Titel: Why Do I Need a Teacher When I’ve Got Google Kostenlos Bücher Online Lesen
Autoren: Ian Gilbert
Vom Netzwerk:
neuroscience tell us about separating children by age? Well, for starters, when we put adolescent males to work with younger children there is not only a reduction in testosterone levels butalso a rise in prolactin 13 (a chemical associated with breastfeeding), children with the same birthday can have as much as a two- to three-year spread in terms of brain maturation (Jensen 1996) and the brains of boys and girls mature at different rates with girls entering the adolescent stage of brain maturation earlier than boys (de Bellis
et al
. 2001).
    So, maybe it is time to start rethinking how we organize things in education. Doing it because we’ve always done it is one thing, but doing it because we sort of stumbled across it and it seemed like a good idea at the time and it seemed to stick even though we live in very different times now is something else altogether.

Chapter 20
Educated is not enough
    Who are you most proud of? One of your students came from a good family with their own business, did well at school and later went on to get not one but two doctorates, the first in anthropology, the second in medicine, as well as becoming an officer in the army. Another of your students in this imaginary class, a girl, was home taught on a farm for a while before joining school where she eventually dropped out to care for her ill mother and grandmother. She later worked as a seamstress and was once arrested for breaking the law.

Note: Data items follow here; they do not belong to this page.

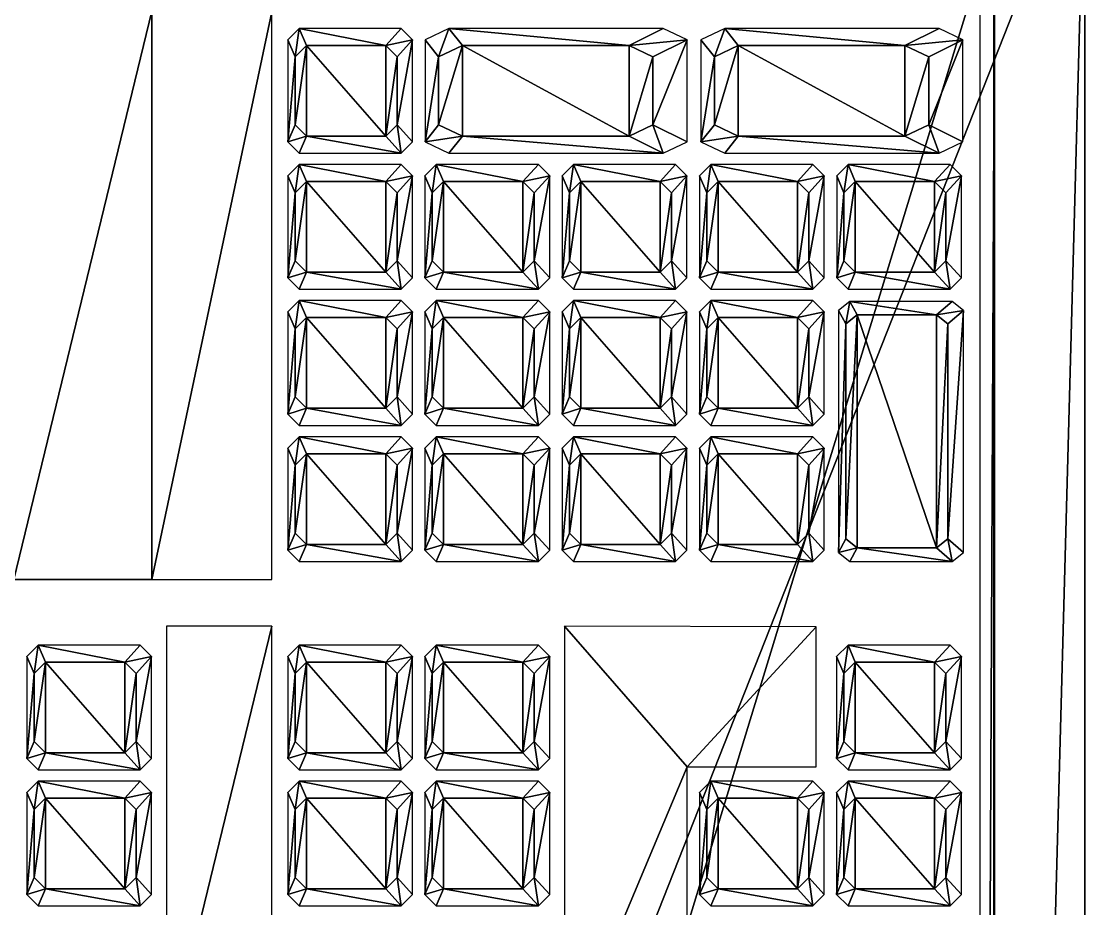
# Model space of a CAD drawing. Extents: x -22.3 to 10, y -36.4 to 0.
# Drawn here: x 4.19 to 10.05, y -17.48 to -12.59 of the extents above; entities that cross this region are included whole.
import ezdxf

# ---------------------------------------------------------------- set-up
doc = ezdxf.new("R2010")
doc.units = 0
doc.layers.get('0').update_dxf_attribs({"linetype": 'CONTINUOUS'})

msp = doc.modelspace()

# ---------------------------------------------------------------- meshes
at = {"color": 252, "linetype": 'BYBLOCK'}
mesh = msp.add_polyface(dxfattribs=at)
corners = [(-6.183, -12.296, 22.3066), (-6.183, -6.0576, 4.2865), (-6.183, -12.296, 4.2865), (-6.183, -6.0576, 22.3066), (9.5485, -12.0398, 4.5287), (9.5485, -30.0398, 4.5287), (4.0518, -30.0398, 4.7207), (4.0518, -12.0398, 4.7207), (-5.5521, -7.0515, 13.7443), (-5.5521, -7.0515, 14.2341), (-5.5521, -6.677, 14.2341), (-5.5521, -6.677, 13.7443)]
mesh.append_faces([[corners[k] for k in face] for face in [(7, 6, 4), (5, 4, 6), (3, 0, 1), (2, 1, 0)]], dxfattribs={"vtx1": -1, "color": 252})
mesh.append_faces([[corners[k] for k in face] for face in [(8, 11, 10), (10, 9, 8)]], dxfattribs={"vtx2": -1, "color": 252})
at = {"color": 253, "linetype": 'BYBLOCK'}
mesh = msp.add_polyface(dxfattribs=at)
corners = [(6.946, -18.768, 5.0654), (7.0309, -18.6809, 4.8123), (6.4688, -18.6809, 4.8319), (-5.0521, -8.2342, 21.6774), (-5.0521, -8.1688, 21.8152), (-5.0521, -8.2162, 21.7532), (-5.0521, -8.1004, 21.8525), (-5.0521, -8.2199, 21.6007), (-5.0521, -8.1756, 21.5366), (-5.0521, -8.0227, 21.8588), (-5.0521, -7.9491, 21.8329), (-5.0521, -8.109, 21.496), (-5.0521, -8.0317, 21.4859), (-5.0521, -7.7185, 21.6728), (-5.0521, -7.2343, 21.6728), (-5.0521, -7.2343, 21.4859), (-5.4271, -8.0317, 21.4859), (-5.4271, -8.109, 21.496), (-5.4271, -8.1756, 21.5366), (-5.4271, -8.2199, 21.6007), (-5.4271, -8.2342, 21.6774), (-5.4271, -8.2162, 21.7532), (-5.4271, -8.1688, 21.8152), (-5.4271, -8.1004, 21.8525), (-5.4271, -8.0227, 21.8588), (-5.4271, -7.9491, 21.8329), (-5.4271, -7.7185, 21.6728), (-5.4271, -7.2343, 21.6728), (-5.4271, -7.2343, 21.4859)]
mesh.append_faces([[corners[k] for k in face] for face in [(3, 4, 5)]], dxfattribs={"vtx0": -1, "color": 253})
mesh.append_faces([[corners[k] for k in face] for face in [(4, 3, 6), (7, 6, 3), (9, 8, 10), (11, 10, 8), (13, 12, 14)]], dxfattribs={"vtx0": -1, "vtx1": -1, "color": 253})
mesh.append_faces([[corners[k] for k in face] for face in [(6, 7, 8), (8, 9, 6), (10, 11, 12), (12, 13, 10)]], dxfattribs={"vtx0": -1, "vtx2": -1, "color": 253})
mesh.append_faces([[corners[k] for k in face] for face in [(15, 14, 12), (16, 12, 17), (17, 11, 18), (18, 8, 19), (19, 7, 20), (20, 3, 21), (21, 5, 22), (22, 4, 23), (23, 6, 24), (24, 9, 25), (25, 10, 26), (13, 14, 26), (14, 15, 27), (28, 15, 16)]], dxfattribs={"vtx1": -1, "color": 253})
mesh.append_faces([[corners[k] for k in face] for face in [(0, 1, 2), (12, 11, 17), (11, 8, 18), (8, 7, 19), (7, 3, 20), (3, 5, 21), (5, 4, 22), (4, 6, 23), (6, 9, 24), (9, 10, 25), (10, 13, 26), (14, 27, 26), (15, 28, 27), (15, 12, 16)]], dxfattribs={"vtx2": -1, "color": 253})
at = {"color": 0, "linetype": 'BYBLOCK'}
mesh = msp.add_polyface(dxfattribs=at)
corners = [(-3.7223, -33.1601, 20.6303), (-3.797, -32.0202, 19.0175), (-7.2269, -18.8325, 20.6303), (-5.5143, -34.1132, 20.241), (-3.6333, -33.3957, 20.3822), (-5.6555, -33.7396, 20.6345), (-3.7525, -32.138, 18.8934), (-4.5945, -31.5718, 18.3056), (-6.767, -19.8781, 19.0175), (-4.55, -31.6896, 18.1816), (-5.6115, -19.5955, 9.3403), (-6.2602, -20.3976, 9.8691), (-2.6415, -31.7375, 9.3403), (-3.5872, -31.3254, 9.8691), (-3.5723, -31.4505, 9.9932), (-2.6266, -31.8626, 9.4644), (-5.6862, -18.4556, 7.7275), (-2.1816, -32.7832, 7.7275), (-2.1519, -33.0333, 7.9756), (8.7293, -19.7295, 4.8074), (8.7293, -20.5031, 4.8074), (9.4704, -19.7295, 4.7815), (9.4704, -20.5031, 4.7815), (4.1532, -25.2437, 4.9672), (4.991, -25.2437, 4.938), (4.1532, -24.9859, 4.9672), (4.991, -24.9859, 4.938), (4.1532, -21.9223, 4.9672), (4.991, -21.9223, 4.938), (4.1532, -21.6962, 4.9672), (4.991, -21.6962, 4.938), (8.7293, -27.8879, 4.8074), (8.7293, -28.5652, 4.8074), (9.4704, -27.8879, 4.7815), (9.4704, -28.5652, 4.7815), (4.1532, -29.6612, 4.9672), (4.0562, -30.0398, 4.9706), (9.4704, -29.6612, 4.7815), (9.5528, -30.0398, 4.7787), (4.991, -28.7905, 4.938), (4.991, -28.3392, 4.938), (4.1532, -28.7905, 4.9672), (4.1532, -28.3392, 4.9672), (10.0485, -30.5398, 4.7788), (9.5485, -30.0398, 4.7788), (2.5485, -30.5398, 4.7788), (4.0485, -30.0398, 4.7788), (9.5528, -12.0398, 4.7787), (4.1495, -12.5352, 4.9673), (5.5713, -18.6008, 4.9177), (4.991, -18.6008, 4.938), (5.5713, -29.6612, 4.9177), (4.991, -29.6612, 4.938), (4.0485, -12.0398, 4.7788), (10.0485, -11.5398, 4.7788), (10.0485, -11.5398, 4.0288), (10.0485, -30.5398, 4.0288), (2.5485, -30.5398, 4.0288), (-4.0556, -33.3482, 7.2353), (-4.0084, -33.7448, 7.6288), (-3.3537, -32.0404, 7.3573), (-3.2648, -32.0187, 6.6129), (-6.3831, -19.6556, 7.3573), (-6.2942, -19.6338, 6.6129), (4.0475, -30.0398, 4.7208), (9.5441, -30.0398, 4.5288), (4.0562, -12.0398, 4.9706), (2.5485, -11.5398, 4.7788), (-6.4187, -34.3344, 7.3238), (-6.4659, -33.9378, 6.9303), (-5.7337, -31.6304, 4.3415), (-5.7299, -31.6295, 3.8415), (-5.5576, -31.3402, 4.3434), (-5.5538, -31.3393, 3.8434)]
mesh.append_faces([[corners[k] for k in face] for face in [(22, 21, 20), (34, 33, 32), (38, 37, 36), (39, 40, 41), (42, 41, 40), (43, 44, 45), (46, 45, 44), (49, 50, 51)]], dxfattribs={"vtx0": -1, "vtx1": -1, "color": 0})
mesh.append_faces([[corners[k] for k in face] for face in [(35, 36, 37), (36, 35, 48), (52, 51, 50)]], dxfattribs={"vtx0": -1, "vtx1": -1, "vtx2": -1, "color": 0})
mesh.append_faces([[corners[k] for k in face] for face in [(37, 38, 47), (45, 46, 53), (44, 43, 54)]], dxfattribs={"vtx0": -1, "vtx2": -1, "color": 0})
mesh.append_faces([[corners[k] for k in face] for face in [(0, 1, 2), (1, 7, 8), (10, 11, 12), (13, 12, 11), (16, 10, 17), (12, 17, 10), (19, 20, 21), (31, 32, 33), (17, 58, 16), (60, 61, 62), (63, 62, 61), (18, 15, 4), (6, 4, 15), (15, 14, 6), (9, 6, 14), (59, 18, 3), (4, 3, 18), (65, 38, 64), (36, 66, 64), (56, 43, 57), (45, 67, 57), (68, 69, 59), (70, 71, 72)]], dxfattribs={"vtx1": -1, "color": 0})
mesh.append_faces([[corners[k] for k in face] for face in [(23, 24, 25), (26, 25, 24), (27, 28, 29), (30, 29, 28)]], dxfattribs={"vtx1": -1, "vtx2": -1, "color": 0})
mesh.append_faces([[corners[k] for k in face] for face in [(3, 4, 0), (0, 5, 3), (4, 6, 1), (1, 0, 4), (6, 9, 7), (7, 1, 6), (12, 13, 14), (14, 15, 12), (17, 12, 15), (15, 18, 17), (55, 56, 57), (58, 17, 18), (18, 59, 58), (38, 36, 64), (43, 45, 57), (54, 43, 56), (69, 58, 59), (68, 59, 3), (71, 73, 72)]], dxfattribs={"vtx2": -1, "color": 0})
mesh = msp.add_polyface(dxfattribs=at)
corners = [(-5.5521, -11.9264, 15.4671), (-5.4271, -11.9264, 15.4671), (-5.5521, -11.9264, 16.0296), (-5.4271, -11.9264, 16.0296), (-5.8021, -11.8964, 12.4642), (-5.6771, -11.8964, 12.4642), (-5.6771, -11.8964, 12.7142), (-5.8021, -11.8964, 4.7171), (-5.6771, -11.8964, 4.7171), (-5.6771, -11.8964, 11.7171), (-5.8021, -12.0514, 4.7171), (-5.6771, -12.0514, 4.7171), (-5.6771, -12.1764, 4.7171), (-5.8021, -12.1764, 4.7171), (-5.6771, -12.1764, 12.7171), (-5.8021, -12.1764, 12.7171), (-5.6771, -12.0514, 12.7171), (-5.8021, -12.0514, 12.7171), (-5.8021, -11.8639, 21.4038), (-5.5521, -11.9889, 21.4663), (-5.8021, -11.8639, 21.2788), (-5.5521, -11.9889, 21.1538), (-5.5521, -12.1139, 22.0913), (-5.5521, -12.1139, 20.4038), (-5.5521, -11.9264, 13.9046), (-5.5521, -12.1139, 14.1546), (-5.5521, -12.1139, 13.1546), (-5.5521, -11.9264, 13.6546), (-5.5521, -11.9262, 14.9614), (-5.5521, -12.1137, 15.2114), (-5.5521, -12.1137, 14.2114), (-5.5521, -11.9262, 14.7114), (-5.7753, -18.22, 7.9756), (-5.656, -19.4777, 9.4644), (-5.6115, -19.5955, 9.3403), (-5.6862, -18.4556, 7.7275), (4.991, -18.3103, 4.938), (5.5713, -18.3103, 4.9177), (5.5713, -15.9241, 4.9177), (4.991, -15.9241, 4.938), (8.5835, -18.3223, 4.8125), (8.5684, -17.5685, 4.813), (7.1827, -18.3103, 4.8614), (7.8591, -17.5685, 4.8378), (7.8591, -16.6977, 4.8378), (7.1827, -15.9241, 4.8614), (8.5684, -15.9263, 4.813), (8.5684, -16.6977, 4.813), (4.9103, -15.6662, 4.9408), (5.5713, -15.6662, 4.9177), (5.5713, -12.5381, 4.9177), (4.9103, -12.5388, 4.9408), (9.4704, -12.5381, 4.7815), (9.5528, -12.0398, 4.7787), (4.1495, -12.5352, 4.9673), (4.0562, -12.0398, 4.9706), (9.4704, -29.6612, 4.7815), (4.0562, -30.0398, 4.9706), (4.0485, -12.0398, 4.7788), (2.5485, -11.5398, 4.7788), (2.5485, -30.5398, 4.7788), (10.0485, -11.5398, 4.7788), (9.5485, -12.0398, 4.7788), (9.5485, -30.0398, 4.7788), (2.5485, -30.5398, 4.0288), (2.5485, -11.5398, 4.0288), (10.0485, -11.5398, 4.0288), (-5.5521, -14.5328, 3.7625), (-5.4271, -14.4078, 3.7625), (-5.5521, -14.5328, 4.3625), (-5.4271, -14.4078, 4.26), (-5.4271, -12.5204, 4.6375), (-5.5521, -12.5328, 4.7625), (-5.5521, -12.5204, 3.7625), (-5.8021, -12.5514, 4.5288), (-5.5521, -12.4264, 4.6538), (-5.5521, -12.4264, 22.4038), (-5.8021, -12.5514, 22.5288), (-5.5521, -12.1764, 22.1538), (-5.6771, -11.9262, 14.9614), (-5.6771, -11.9262, 14.7114), (-5.6771, -11.9264, 13.9046), (-5.6771, -11.9264, 13.6546), (4.0475, -12.0398, 4.7208), (9.5441, -12.0398, 4.5288), (4.0475, -30.0398, 4.7208), (10.0485, -30.5398, 4.0288)]
mesh.append_faces([[corners[k] for k in face] for face in [(73, 70, 68), (75, 78, 76)]], dxfattribs={"vtx0": -1, "color": 0})
mesh.append_faces([[corners[k] for k in face] for face in [(43, 42, 41), (55, 54, 53)]], dxfattribs={"vtx0": -1, "vtx1": -1, "color": 0})
mesh.append_faces([[corners[k] for k in face] for face in [(45, 44, 46), (52, 53, 54), (53, 52, 56)]], dxfattribs={"vtx0": -1, "vtx1": -1, "vtx2": -1, "color": 0})
mesh.append_faces([[corners[k] for k in face] for face in [(19, 22, 23), (23, 21, 19), (24, 25, 26), (26, 27, 24), (28, 29, 30), (30, 31, 28), (36, 37, 38), (38, 39, 36), (42, 43, 44), (44, 45, 42), (48, 49, 50), (50, 51, 48), (54, 55, 57), (58, 59, 60), (61, 62, 63)]], dxfattribs={"vtx0": -1, "vtx2": -1, "color": 0})
mesh.append_faces([[corners[k] for k in face] for face in [(0, 1, 2), (13, 10, 12), (15, 13, 14), (11, 10, 16), (16, 17, 14), (18, 19, 20), (21, 20, 19), (47, 46, 44), (67, 68, 69), (70, 69, 68), (11, 16, 8), (6, 8, 16), (28, 31, 79), (24, 27, 81), (55, 53, 83), (66, 61, 86)]], dxfattribs={"vtx1": -1, "color": 0})
mesh.append_faces([[corners[k] for k in face] for face in [(40, 41, 42), (71, 70, 73)]], dxfattribs={"vtx1": -1, "vtx2": -1, "color": 0})
mesh.append_faces([[corners[k] for k in face] for face in [(1, 3, 2), (4, 5, 6), (7, 8, 9), (10, 11, 12), (13, 12, 14), (10, 17, 16), (17, 15, 14), (32, 33, 34), (34, 35, 32), (64, 65, 66), (69, 70, 71), (71, 72, 69), (74, 75, 76), (76, 77, 74), (75, 12, 78), (31, 80, 79), (27, 82, 81), (53, 84, 83), (55, 83, 85), (59, 65, 64)]], dxfattribs={"vtx2": -1, "color": 0})
at = {"color": 252, "linetype": 'BYBLOCK'}
mesh = msp.add_polyface(dxfattribs=at)
corners = [(4.1495, -12.5352, 4.8158), (4.9103, -12.5352, 4.8158), (4.1495, -15.6662, 4.9408), (4.9103, -15.6662, 4.8158), (4.1495, -15.6662, 4.8158), (4.9103, -15.6662, 4.9408), (4.1495, -12.5352, 4.9408), (4.9103, -12.5352, 4.9408)]
mesh.append_faces([[corners[k] for k in face] for face in [(6, 0, 2), (7, 1, 6), (3, 1, 5), (4, 3, 2)]], dxfattribs={"vtx1": -1, "color": 252})
mesh.append_faces([[corners[k] for k in face] for face in [(0, 4, 2), (1, 0, 6), (1, 7, 5), (3, 5, 2), (1, 3, 4), (4, 0, 1)]], dxfattribs={"vtx2": -1, "color": 252})
at = {"color": 0, "linetype": 'BYBLOCK'}
mesh = msp.add_polyface(dxfattribs=at)
corners = [(6.6204, -12.7231, 5.0768), (6.6204, -13.2231, 5.0768), (7.5386, -13.2231, 5.0447), (6.4893, -13.1606, 5.0814), (6.4893, -12.7856, 5.0814), (6.415, -13.2544, 4.8338), (6.415, -12.6919, 4.8338), (6.5461, -12.6294, 4.8292), (7.5386, -12.7231, 5.0447), (6.5461, -13.3169, 4.8292), (7.7267, -13.3169, 4.788), (6.2609, -13.1606, 5.0893), (6.2609, -12.7856, 5.0893), (6.1985, -13.2231, 5.0915), (6.1985, -12.7231, 5.0915), (5.7612, -12.7231, 5.1068), (5.7612, -13.2231, 5.1068), (5.6988, -13.1606, 5.109), (5.6988, -12.7856, 5.109), (5.6588, -13.2544, 4.8602), (5.6588, -12.6919, 4.8602), (5.7213, -12.6294, 4.858), (6.2834, -12.6294, 4.8384), (6.3459, -12.6919, 4.8362), (6.3459, -13.2544, 4.8362), (6.2834, -13.3169, 4.8384), (5.7213, -13.3169, 4.858), (6.2609, -13.9106, 5.0893), (6.2609, -13.5356, 5.0893), (6.1985, -13.9731, 5.0915), (6.1985, -13.4731, 5.0915), (5.7612, -13.4731, 5.1068), (5.7612, -13.9731, 5.1068), (5.6988, -13.9106, 5.109), (5.6988, -13.5356, 5.109), (5.6588, -13.4419, 4.8602), (5.6588, -14.0044, 4.8602), (5.7213, -13.3794, 4.858), (6.2834, -13.3794, 4.8384), (6.3459, -13.4419, 4.8362), (6.3459, -14.0044, 4.8362), (7.0167, -13.9106, 5.063), (7.0167, -13.5356, 5.063), (6.9542, -13.9731, 5.0651), (6.9542, -13.4731, 5.0651), (6.517, -13.4731, 5.0804), (6.517, -13.9731, 5.0804), (6.4545, -13.9106, 5.0826), (6.4545, -13.5356, 5.0826), (6.4146, -14.0044, 4.8338), (6.4146, -13.4419, 4.8338), (6.477, -13.3794, 4.8317), (7.0392, -13.3794, 4.812), (7.1017, -13.4419, 4.8098)]
mesh.append_faces([[corners[k] for k in face] for face in [(1, 0, 3), (14, 13, 12), (16, 15, 17), (30, 29, 28), (32, 31, 33), (44, 43, 42), (46, 45, 47)]], dxfattribs={"vtx0": -1, "vtx1": -1, "color": 0})
mesh.append_faces([[corners[k] for k in face] for face in [(0, 1, 2), (13, 14, 15), (15, 16, 13), (29, 30, 31), (31, 32, 29), (43, 44, 45), (45, 46, 43)]], dxfattribs={"vtx0": -1, "vtx2": -1, "color": 0})
mesh.append_faces([[corners[k] for k in face] for face in [(4, 3, 0), (6, 4, 7), (0, 7, 4), (9, 1, 5), (3, 5, 1), (11, 12, 13), (18, 17, 15), (20, 18, 21), (15, 21, 18), (22, 14, 23), (12, 23, 14), (24, 11, 25), (13, 25, 11), (26, 16, 19), (17, 19, 16), (27, 28, 29), (34, 33, 31), (35, 34, 37), (31, 37, 34), (38, 30, 39), (28, 39, 30), (41, 42, 43), (48, 47, 45), (50, 48, 51), (45, 51, 48), (52, 44, 53), (42, 53, 44)]], dxfattribs={"vtx1": -1, "color": 0})
mesh.append_faces([[corners[k] for k in face] for face in [(5, 3, 4), (4, 6, 5), (7, 0, 8), (1, 9, 10), (19, 17, 18), (18, 20, 19), (21, 15, 14), (14, 22, 21), (23, 12, 11), (11, 24, 23), (25, 13, 16), (16, 26, 25), (34, 35, 36), (37, 31, 30), (30, 38, 37), (39, 28, 27), (27, 40, 39), (49, 47, 48), (48, 50, 49), (51, 45, 44), (44, 52, 51)]], dxfattribs={"vtx2": -1, "color": 0})
mesh = msp.add_polyface(dxfattribs=at)
corners = [(7.6698, -13.1606, 5.0402), (7.6698, -12.7856, 5.0402), (7.5386, -13.2231, 5.0447), (7.5386, -12.7231, 5.0447), (6.6204, -12.7231, 5.0768), (7.7267, -12.6294, 4.788), (6.5461, -12.6294, 4.8292), (7.8578, -12.6919, 4.7834), (7.8578, -13.2544, 4.7834), (7.7267, -13.3169, 4.788), (6.6204, -13.2231, 5.0768), (7.1017, -14.1919, 4.8098), (7.0167, -14.2856, 5.063), (7.0167, -14.6606, 5.063), (7.1017, -13.4419, 4.8098), (7.0167, -13.5356, 5.063), (7.0167, -13.9106, 5.063), (7.1017, -14.0044, 4.8098), (7.0392, -14.0669, 4.812), (7.9344, -13.2544, 4.7808), (8.0087, -13.1606, 5.0283), (8.0087, -12.7856, 5.0283), (7.9344, -12.6919, 4.7808), (8.0655, -12.6294, 4.7762), (7.9664, -13.5356, 5.0298), (7.9664, -13.9106, 5.0298), (8.0288, -13.4731, 5.0276), (7.9264, -14.0044, 4.781), (7.9264, -13.4419, 4.781), (7.9889, -13.3794, 4.7789), (7.9889, -14.0669, 4.7789), (8.0288, -13.9731, 5.0276), (7.9664, -14.2856, 5.0298), (7.9664, -14.6606, 5.0298), (8.0288, -14.2231, 5.0276), (7.9264, -14.1919, 4.781), (7.9889, -14.1294, 4.7789), (7.7103, -14.2231, 5.0387), (7.7103, -14.7231, 5.0387), (7.7728, -14.2856, 5.0366), (7.2731, -14.2231, 5.054), (7.2106, -14.2856, 5.0562), (7.2106, -14.6606, 5.0562), (7.1707, -14.1919, 4.8074), (7.1707, -14.7544, 4.8074), (7.2331, -14.1294, 4.8052), (7.7953, -14.1294, 4.7856), (7.8577, -14.1919, 4.7834), (7.7728, -14.6606, 5.0366), (7.7728, -13.9106, 5.0366), (7.7728, -13.5356, 5.0366), (7.7103, -13.9731, 5.0387), (7.7103, -13.4731, 5.0387), (7.2731, -13.4731, 5.054), (7.2731, -13.9731, 5.054), (7.2106, -13.9106, 5.0562), (7.2106, -13.5356, 5.0562), (7.1707, -14.0044, 4.8074), (7.1707, -13.4419, 4.8074), (7.2331, -13.3794, 4.8052), (7.7953, -13.3794, 4.7856), (7.8577, -13.4419, 4.7834), (7.8577, -14.0044, 4.7834), (7.7953, -14.0669, 4.7856), (7.2331, -14.0669, 4.8052)]
mesh.append_faces([[corners[k] for k in face] for face in [(3, 2, 1), (37, 38, 39), (52, 51, 50), (54, 53, 55)]], dxfattribs={"vtx0": -1, "vtx1": -1, "color": 0})
mesh.append_faces([[corners[k] for k in face] for face in [(2, 3, 4), (38, 37, 40), (51, 52, 53), (53, 54, 51)]], dxfattribs={"vtx0": -1, "vtx2": -1, "color": 0})
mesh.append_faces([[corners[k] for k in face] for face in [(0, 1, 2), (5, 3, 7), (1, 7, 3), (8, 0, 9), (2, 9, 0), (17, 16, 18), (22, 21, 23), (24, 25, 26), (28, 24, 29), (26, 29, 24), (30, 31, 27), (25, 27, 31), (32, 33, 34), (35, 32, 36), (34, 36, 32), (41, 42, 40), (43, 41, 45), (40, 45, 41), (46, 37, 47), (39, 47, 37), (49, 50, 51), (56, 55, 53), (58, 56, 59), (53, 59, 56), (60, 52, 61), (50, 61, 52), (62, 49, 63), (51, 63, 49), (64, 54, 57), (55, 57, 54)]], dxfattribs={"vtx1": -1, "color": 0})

    Which one of these would be on a plaque in your school hall?
    In case you don’t know your biographies of famous – and infamous – people, the second one is Rosa Parks 1 ; the first one is Dr Josef Mengele. 2
    Five hundred years ago the French writer Rabelais wrote, ‘Science without conscience is the ruin of the soul’, and that is as true now as it was then. Maybe more so. The bankers whose greed was at least partly to blame for the global economic downturn were qualified and educated people. Some of them have even apologized for their actions (which is more than Mengele ever did). In the summer of 2009, the chief executive of Goldman Sachs, one of the world’s most lucrative companies, announced:
    While we regret that we participated in the market euphoria and failed to raise a responsible voice, we are proud of the way our firm managed the risk it assumed on behalf of our client before and during the financial crisis. 3
    ( http://dealbook.blogs.nytimes.com/2009/06/16/goldman-regrets-market-euphoria-that-led-to-crisis/ )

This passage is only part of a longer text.